DeepMP: a deep learning tool to detect DNA base modifications on Nanopore sequencing data

Bioinformatics. 2021 Oct 28;btab745. doi: 10.1093/bioinformatics/btab745. Online ahead of print.

Abstract

Motivation: DNA Methylation plays a key role in a variety of biological processes. Recently, Nanopore long-read sequencing has enabled direct detection of these modifications. As a consequence, a range of computational methods have been developed to exploit Nanopore data for methylation detection. However, current approaches rely on a human-defined threshold to detect the methylation status of a genomic position and are not optimized to detect sites methylated at low frequency. Furthermore, most methods employ either the Nanopore signals or the basecalling errors as the model input and do not take advantage of their combination.
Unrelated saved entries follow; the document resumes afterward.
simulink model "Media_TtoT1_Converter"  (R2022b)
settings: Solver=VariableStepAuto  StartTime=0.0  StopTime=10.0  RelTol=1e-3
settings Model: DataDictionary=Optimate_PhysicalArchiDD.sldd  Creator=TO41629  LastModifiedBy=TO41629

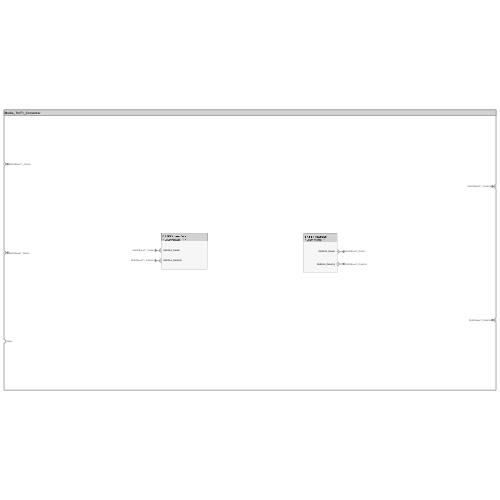
[thumbnail: Simulink's stored preview of the top-level diagram]
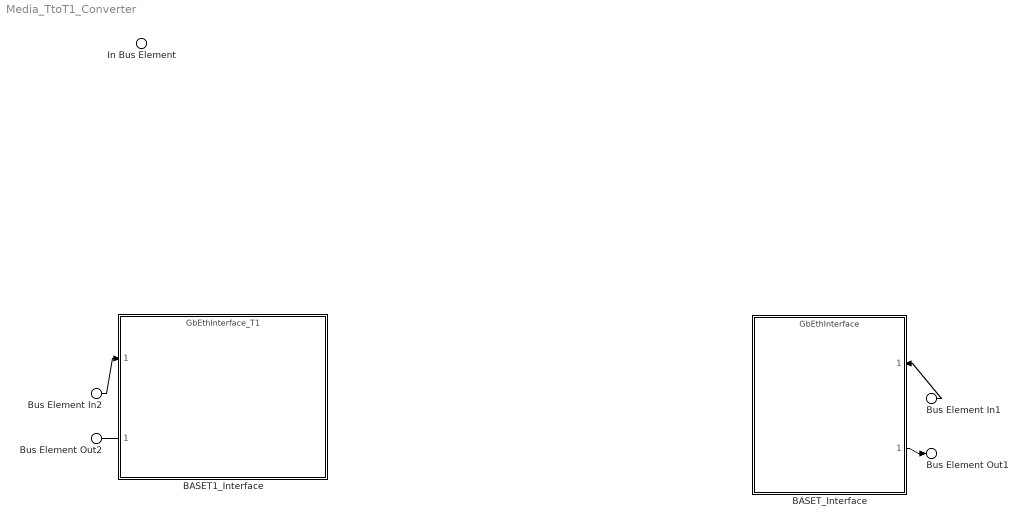
== system Media_TtoT1_Converter ==
  Bus Element In2 : Inport  PortName=GbEthBaseT1_DataIn
  Bus Element In1 : Inport  Port=2  PortName=GbEthBaseT_DataIn
  In Bus Element : Inport  Port=3  PortName=PowerSupply
  BASET1_Interface : ModelReference  ModelNameDialog=GbEthInterface_T1  UsingDefaultArgumentValue=0,0,0  SimulationMode=Normal  ModelReferenceVersion=1.29
      settings: PortSchema="{\"entries\":[{\"content\":{\"headerSize\":38,\"margin\":15,\"minimumSpacing\":25,\"sides\":[{\"content\":{\"connectorIds\":[\"In1\",\"Out1\"]},\"type\":\"ConnectorPlacement.EquallySpacedRectSide\",\"uuid\":\"99f9264f-b53d-4971-8b33-a510fd21d3a3\"},{\"content\":{\"connectorIds\":[],\"side\":\"RIGHT\"},\"type\":\"ConnectorPlacement.EquallySpacedRectSide\",\"uuid\":\"2d9ba29c-7f97-48cb-9608-186fea073d48\"},{\"content\":{\"connectorIds\":[],\"side\":\"TOP\"},\"type\":\"ConnectorPlacement.EquallySpacedRectSide\",\"uuid\":\"4aabfdd9-8cc9-4862-a428-8fddf83f7eb0\"}]},\"type\":\"ConnectorPlacement.EquallySpacedConnector\",\"uuid\":\"0c6b3b40-bc47-4abe-952f-60d13c7625c4\"}],\"packageUris\":[\"http://schema.mathworks.com/mf0/Connector/R2020b\"],\"version\":\"1.0\"}"
  BASET_Interface : ModelReference  ModelNameDialog=GbEthInterface  UsingDefaultArgumentValue=0,0,0  SimulationMode=Normal  ModelReferenceVersion=1.28
      settings: PortSchema="{\"entries\":[{\"content\":{\"headerSize\":38,\"margin\":15,\"minimumSpacing\":25,\"sides\":[{\"content\":{\"connectorIds\":[]},\"type\":\"ConnectorPlacement.EquallySpacedRectSide\",\"uuid\":\"99f9264f-b53d-4971-8b33-a510fd21d3a3\"},{\"content\":{\"connectorIds\":[\"In1\",\"Out1\"],\"side\":\"RIGHT\"},\"type\":\"ConnectorPlacement.EquallySpacedRectSide\",\"uuid\":\"2d9ba29c-7f97-48cb-9608-186fea073d48\"},{\"content\":{\"connectorIds\":[],\"side\":\"TOP\"},\"type\":\"ConnectorPlacement.EquallySpacedRectSide\",\"uuid\":\"4aabfdd9-8cc9-4862-a428-8fddf83f7eb0\"}]},\"type\":\"ConnectorPlacement.EquallySpacedConnector\",\"uuid\":\"0c6b3b40-bc47-4abe-952f-60d13c7625c4\"}],\"packageUris\":[\"http://schema.mathworks.com/mf0/Connector/R2020b\"],\"version\":\"1.0\"}"
  Bus Element Out2 : Outport  PortName=GbEthBaseT1_DataOut
  Bus Element Out1 : Outport  Port=2  PortName=GbEthBaseT_DataOut
  wires:
  Bus Element In1/1 -> BASET_Interface/1
  BASET_Interface/1 -> Bus Element Out1/1
  Bus Element In2/1 -> BASET1_Interface/1
  BASET1_Interface/1 -> Bus Element Out2/1

Results: Here we present DeepMP, a convolutional neural network (CNN)-based model that takes information from Nanopore signals and basecalling errors to detect whether a given motif in a read is methylated or not. Besides, DeepMP introduces a threshold-free position modification calling model sensitive to sites methylated at low frequency across cells. We comprehensively benchmarked DeepMP against state-of-the-art methods on E. coli, human and pUC19 datasets. DeepMP outperforms current approaches at read-based and position-based methylation detection across sites methylated at different frequencies in the three datasets.

Availability: DeepMP is implemented and freely available under MIT license at https://github.com/pepebonet/DeepMP.

Supplementary information: Supplementary data are available at Bioinformatics online.